I obviously don't expect a simple or definitive answer to this question, but I've just started out with an espresso machine and haven't found the "right" beans yet. Does anyone have any suggestions for what I should try? I like a "traditional" espresso.. not too fruity like most that I've tried so far, maybe more of a bitter chocolate type of flavour. I fell in love with proper espresso in Italy, which is why I've said Italian in the title.


----------



## Milesy (Mar 8, 2012)

Try the londinium beans. The ones I had were roasted too much for my taste but had that typical dark rich Italian feel to it. Maybe something with Robusta in the blend might be more appealing as well?
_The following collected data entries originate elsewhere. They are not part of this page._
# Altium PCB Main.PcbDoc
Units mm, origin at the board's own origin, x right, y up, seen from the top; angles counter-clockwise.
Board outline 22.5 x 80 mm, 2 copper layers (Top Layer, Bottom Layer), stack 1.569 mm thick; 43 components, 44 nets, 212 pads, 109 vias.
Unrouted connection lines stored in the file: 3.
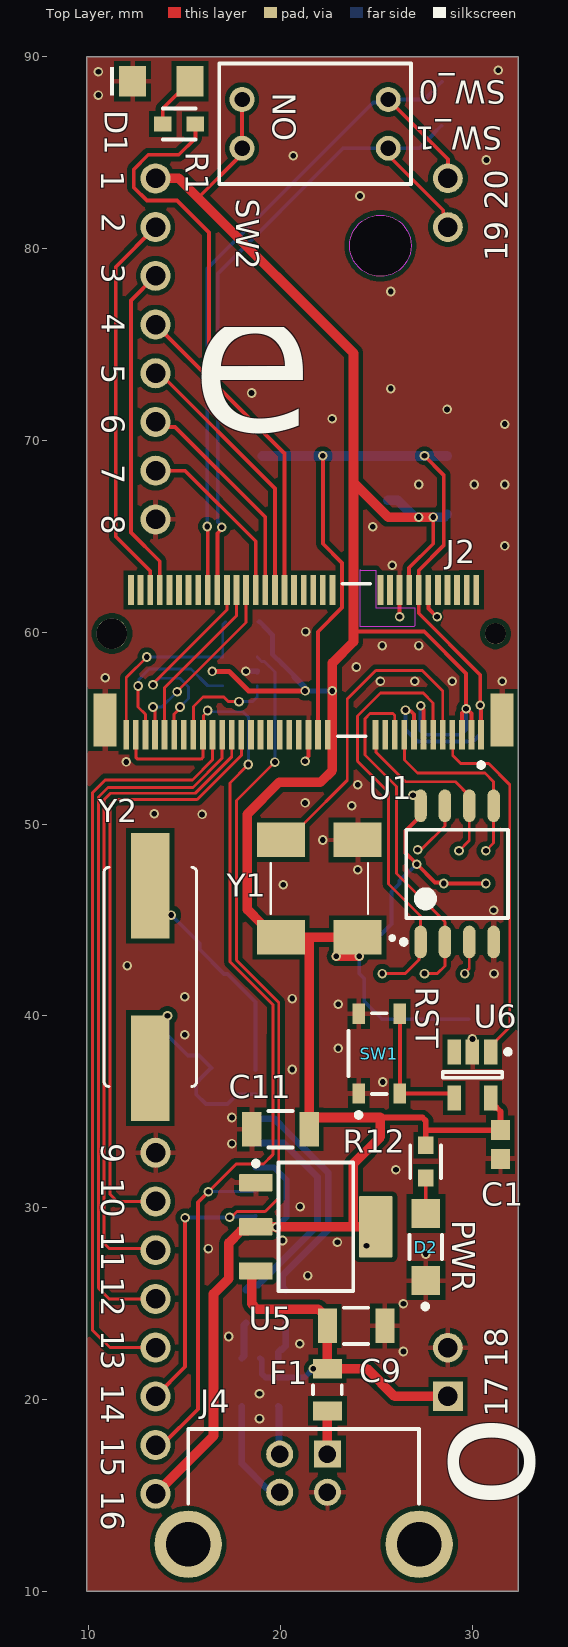
[diagram p0: Top Layer view]
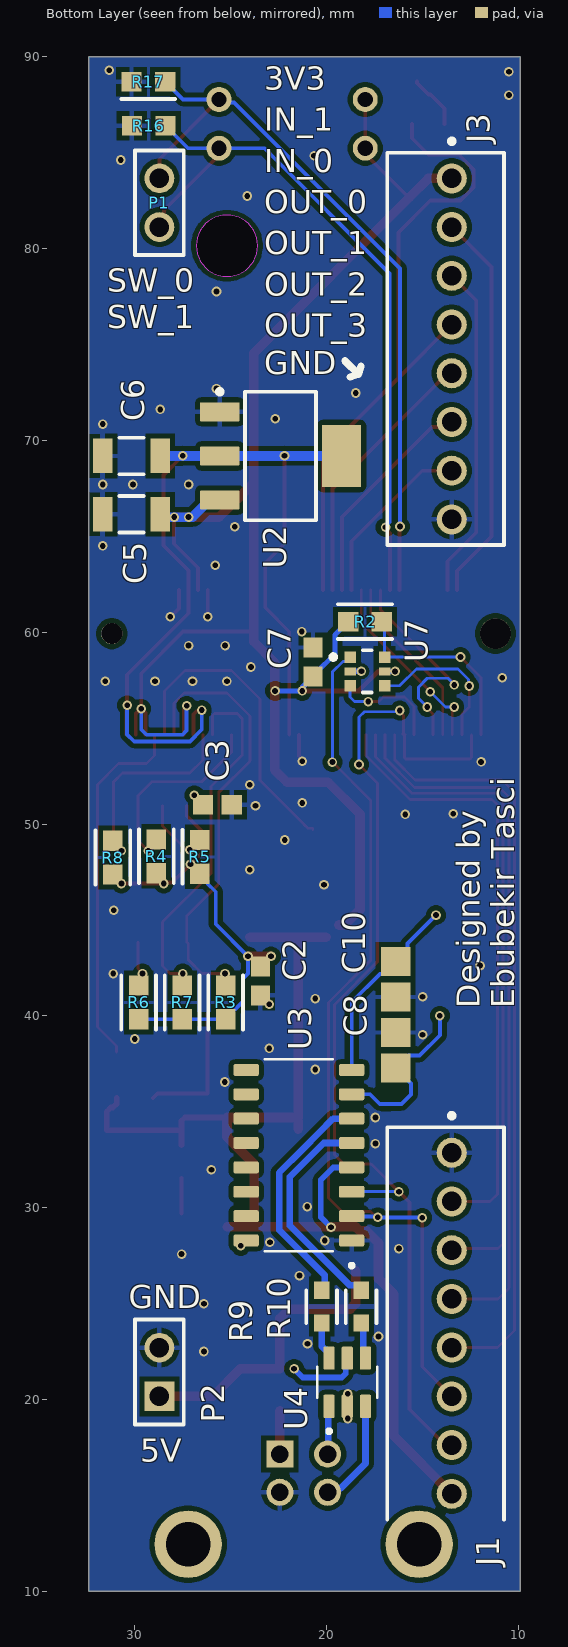
[diagram p1: Bottom Layer view, seen from below]
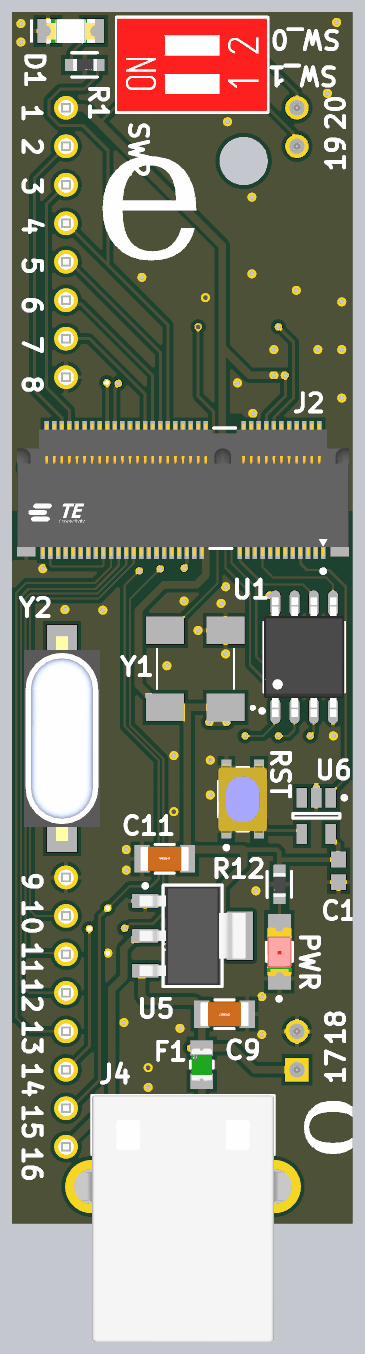
[diagram p2: 3D render of the assembled board from above, using the file's embedded part models]
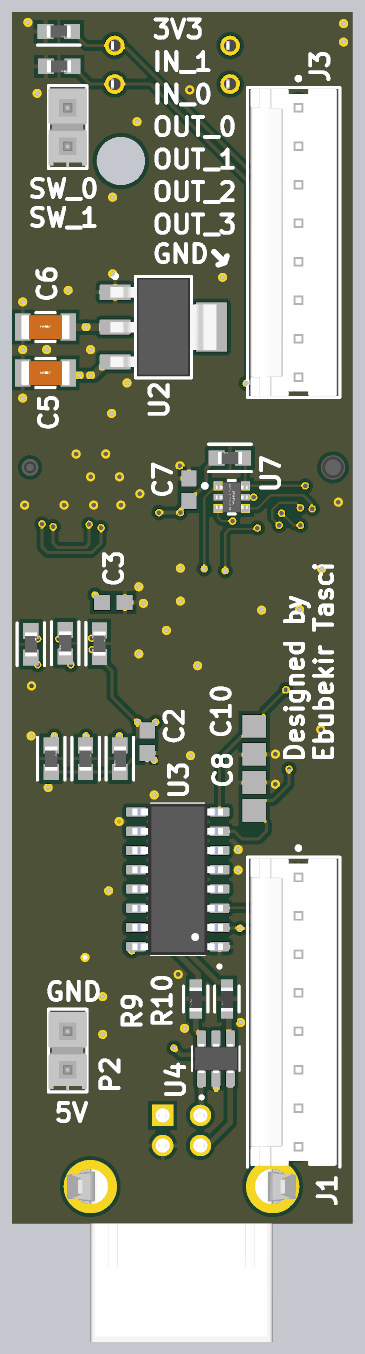
[diagram p3: 3D render of the assembled board from below, using the file's embedded part models]

## Layer stack, top to bottom
Top Solder: solder mask 0.0254, SM-001, Dk 4
Top Layer: signal copper 0.035
Dielectric 1: core 1.4986, Core-043, Dk 4.3
Bottom Layer: signal copper 0.035
Bottom Solder: solder mask 0.0254, SM-001, Dk 4

## Board outline
9.9,10 32.4,10 32.4,90 9.9,90
cut-out: 25.2,78.55 cw(c25.2,80.15) 23.6,80.15 cw(c25.2,80.15) 25.2,81.75 cw(c25.2,80.15) 26.8,80.15 cw(c25.2,80.15)

## Design rules (kind name [scope] priority, off if disabled: settings)
Clearance [All] p1: gap=0.254 ignorepadtopadclearanceinfootprint=TRUE except(0.15: Arc-Arc Arc-Track Track-Track; 0.2: Arc-SMDPad Arc-Via Arc-Hole Track-SMDPad Track-Via Track-Hole SMDPad-SMDPad)
DiffPairsRouting [All] p1: maxlimit=0.25 minlimit=0.2 mostfreqgap=0.2 toplayer_minwidth=0.25 toplayer_maxwidth=0.35 toplayer_prefwidth=0.25 bottomlayer_minwidth=0.25 bottomlayer_maxwidth=0.35 bottomlayer_prefwidth=0.25 maxuncoupledlength=5
MinimumSolderMaskSliver [All] p1: minsoldermaskwidth=0.1
PlaneConnect [All] p1: pad.planeconnectstyle=Relief pad.reliefexpansion=0.508 pad.reliefentries=4 pad.reliefconductorwidth=0.254 pad.reliefairgap=0.254 via.planeconnectstyle=Direct via.reliefexpansion=0.508 via.reliefentries=4 via.reliefconductorwidth=0.254 via.reliefairgap=0.254
PolygonConnect [All] p1: thpad.connectstyle=Relief thpad.reliefconductorwidth=0.254 thpad.reliefentries=4 thpad.polygonreliefangle="90 Angle" thpad.airgapwidth=0.254 smdpad.connectstyle=Relief smdpad.reliefconductorwidth=0.254 smdpad.reliefentries=4 smdpad.polygonreliefangle="90 Angle" smdpad.airgapwidth=0.254 via.connectstyle=Direct via.reliefconductorwidth=0.254 via.reliefentries=4 via.polygonreliefangle="90 Angle" via.airgapwidth=0.254
RoutingVias [All] p1: holewidth=0.711 width=1.27 viastyle="Through Hole" minholewidth=0.711 minwidth=1.27 maxholewidth=0.711 maxwidth=1.27
SilkToSolderMaskClearance [IsPad] p1: minsilkscreentomaskgap=0.2 clearancetoexposedcopper=TRUE
SolderMaskExpansion [All] p1: expansion=0.05 istentingtop=FALSE
SupplyNets "Schematic Supply Nets_3" [InNet('+5V_USB')] p1: voltage=0.000
SupplyNets "Schematic Supply Nets_2" [InNet('GND')] p2: voltage=0.000
SupplyNets "Schematic Supply Nets_1" [InNet('+3.3V')] p3: voltage=0.000
SupplyNets "Schematic Supply Nets" [InNet('+1.8V')] p4: voltage=0.000
Width [All] p1: maxlimit=2 minlimit=0.15 preferedwidth=0.2 minimp=50.000000 maximp=50.000000 favimp=50.000000
26 further rules are at their usual default settings.

## Classes and differential pairs
differential pair USB_1: +USB_1_P -USB_1_N
differential pair USB_2: +USB_2_P -USB_2_N

## Components (designator, comment, footprint, x,y, rotation, side; value= is the part's Value field where it differs from the comment)
C1 "100nF 0603" CAPC1608X90X35NL15T15 31.46,33.29 r90 top
C2 "100nF 0603" CAPC1608X90X35NL15T15 23.458,41.817 r90 bottom
C3 "100nF 0603" CAPC1608X90X35NL15T15 25.7,51 r0 bottom
C5 "10uF 1206" FP-CC1206-FD-MFG 30.179,66.15 r180 bottom
C6 "10uF 1206" FP-CC1206-FD-MFG 30.179,69.187 r180 bottom
C7 "100nF 0603" CAPC1608X90X35NL15T15 20.712,58.449 r270 bottom
C8 "22pF 0805" CAPC2013X145X48ML20T23 16.4,38.204 r90 bottom
C9 "10uF 1206" FP-CC1206-FD-MFG 23.937,23.833 r180 top
C10 "22pF 0805" CAPC2013X145X48ML20T23 16.4,41.908 r270 bottom
C11 "10uF 1206" FP-CC1206-FD-MFG 19.989,34.089 r0 top
D1 "LED 1206 AMBER" WL-SMCW_1206_150120xx75000 13.783,88.725 r0 top
D2 "LED 1206 RED" FP-LTST-C150KRKT-MFG 27.566,27.945 r90 top
F1 "FSMD020-0805-R" FP-0805L-MFG 22.437,20.504 r90 top value=0.15-0.85Ω
J1 "640456-8" FP-640456-8-MFG 13.797,23.97 r90 bottom
J2 "2199230-4" FP-2199230-4-MFG 21.2,58.55 r180 top
J3 "640456-8" FP-640456-8-MFG 13.797,74.77 r90 bottom
J4 "897-43-004-90-000000" FP-897-43-004-90-000000-MFG 21.2,10.3 r0 top
P1 "TSW-102-26-L-S" SMTC-TSW-102-26-XX-S#1 28.72,81.12 r90 bottom
P2 "TSW-102-26-L-S" SMTC-TSW-102-26-XX-S#2 28.72,20.16 r90 bottom
R1 "100R 0603" FP-RT0603-MFG 14.703,86.496 r0 top value=100Ω
R2 "10k 0603" FP-AC0603-IPC_A 18.002,60.547 r0 bottom
R3 "10k 0603" FP-AC0603-IPC_A 25.268,40.7 r270 bottom
R4 "10k 0603" FP-AC0603-IPC_A 28.877,48.316 r270 bottom
R5 "10k 0603" FP-AC0603-IPC_A 26.61,48.29 r90 bottom
R6 "10k 0603" FP-AC0603-IPC_A 29.8,40.7 r90 bottom
R7 "10k 0603" FP-AC0603-IPC_A 27.534,40.7 r90 bottom
R8 "10k 0603" FP-AC0603-IPC_A 31.143,48.248 r90 bottom
R9 "100R 0603" FP-RT0603-MFG 20.261,24.837 r270 bottom value=100Ω
R10 "100R 0603" FP-RT0603-MFG 18.2,24.837 r270 bottom value=100Ω
R12 "100R 0603" FP-RT0603-MFG 27.566,32.399 r270 top value=100Ω
R16 "10k 0603" FP-AC0603-IPC_A 29.277,86.4 r180 bottom
R17 "10k 0603" FP-AC0603-IPC_A 29.3,88.7 r180 bottom
SW1 "PTS810 SJG 250 SMTR LFS" FP-PTS810_SJG_250_SMTR_LF-MFG 25.14,38.03 r90 top
SW2 "418117170902" 418117170902 21.8,86.5 r90 top
U1 "MX25L3233FM2I-08G" MXIC-SOP-8_N 29.2,47.4 r90 top
U2 "TLV1117LV18DCYR" DCY0004A_M 22.4,69.187 r180 bottom
U3 "CH340G" SOIC127P600X180-16N 21.446,32.732 r0 bottom
U4 "USBLC6-2SC6" SOT95P280X145-6N 18.928,20.898 r90 bottom
U5 "TLV1117LV33DCYR" DCY0004A_N 21.834,29 r0 top
U6 "MCP1319MT-33AE/OT" SOT-23-OT5_M 30,36.92 r270 top
U7 "74LVC1G157GW,125" FP-SOT363-MFG 17.883,57.955 r180 bottom
Y1 "ASV-10.000MHZ-E-T" XTAL_ASV-10.000MHZ-E-T 22.016,46.627 r180 top
Y2 "AS-12.000-20-SMD-TR" XTAL1170X500X450 13.207,42.029 r270 top

## Footprints (in the part's own frame and the unit in brackets; to place one, negate y for a bottom-side part, rotate by r counter-clockwise, add the part's x,y. Pads: shape width x height; smd on the part's side, far side on the other; paste and mask are expansions set on the pad)
418117170902 [mm] "2.54 mm compact THT with flat actuator, 2p"
  round 1.3 hole 0.8: 1(-1.27,-3.81) 2(1.27,-3.81) 3(1.27,3.81) 4(-1.27,3.81)
  silkscreen extent -3.14,-5 3.14,5, body extent -3.04,-4.95 3.04,4.95, height 5.75
CAPC1608X90X35NL15T15 [mm] "Chip Capacitor, 2-Leads, Body 1.60x0.81mm, IPC Medium Density"
  rect 1.05x1 smd: 1(-0.75,0) 2(0.75,0)
  body extent -0.88,-0.48 0.87,0.48, height 0.9
CAPC2013X145X48ML20T23 [mm] "Chip Capacitor, 2-Leads, Body 2.00x1.25mm, IPC Low Density"
  rect 1.5x1.55 smd: 1(-0.925,0) 2(0.925,0)
  body extent -1.1,-0.72 1.1,0.72, height 1.45
DCY0004A_M [mm] "SOT223, 4-Leads, Body 6.7x3.7mm, Pitch 2.3mm, IPC Low Density"
  rrect10% 2.05x1 smd: 1(-3.175,2.3) 2(-3.175,0) 3(-3.175,-2.3)
  rrect5% 2.05x3.25 smd: 4(3.175,0)
  silkscreen extent -3.3,-3.35 1.85,3.47, body extent -3.5,-3.25 3.5,3.25, height 1.62
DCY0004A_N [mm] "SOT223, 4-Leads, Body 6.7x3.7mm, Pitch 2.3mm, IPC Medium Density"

Maybe something like: http://londiniumespresso.com/products/teres


----------



## Milesy (Mar 8, 2012)

An additional note is you can change the flavour profile by changing grind and extraction.

I can run a quickish shot of a Columbian bean and be very bright and fruity, but do a longer slower shot and be much sweeter, richer and chocolately.


----------



## Al Kent (Aug 23, 2012)

Thanks Milesy.. will give that a try!


----------



## Spazbarista (Dec 6, 2011)

Try Happy Donkey Brazilian. Good value, and very much like Italian coffee.

Or, get in on the Union coffee 20% discount code before the end of August (on forum somewhere) and try Revelation.

Much better quality.


----------



## Al Kent (Aug 23, 2012)

Thanks for this too.. will work my way through them till I find "the one"


----------



## jimbow (Oct 13, 2011)

Try some of the Coffee Real espresso blends or Union Revelation blend.


----------



## Al Kent (Aug 23, 2012)

Can anyone direct me to this 20% discount code? I've searched and searched!


----------



## Spazbarista (Dec 6, 2011)

GB0712

expires friday


----------



## Al Kent (Aug 23, 2012)

Thank you!


----------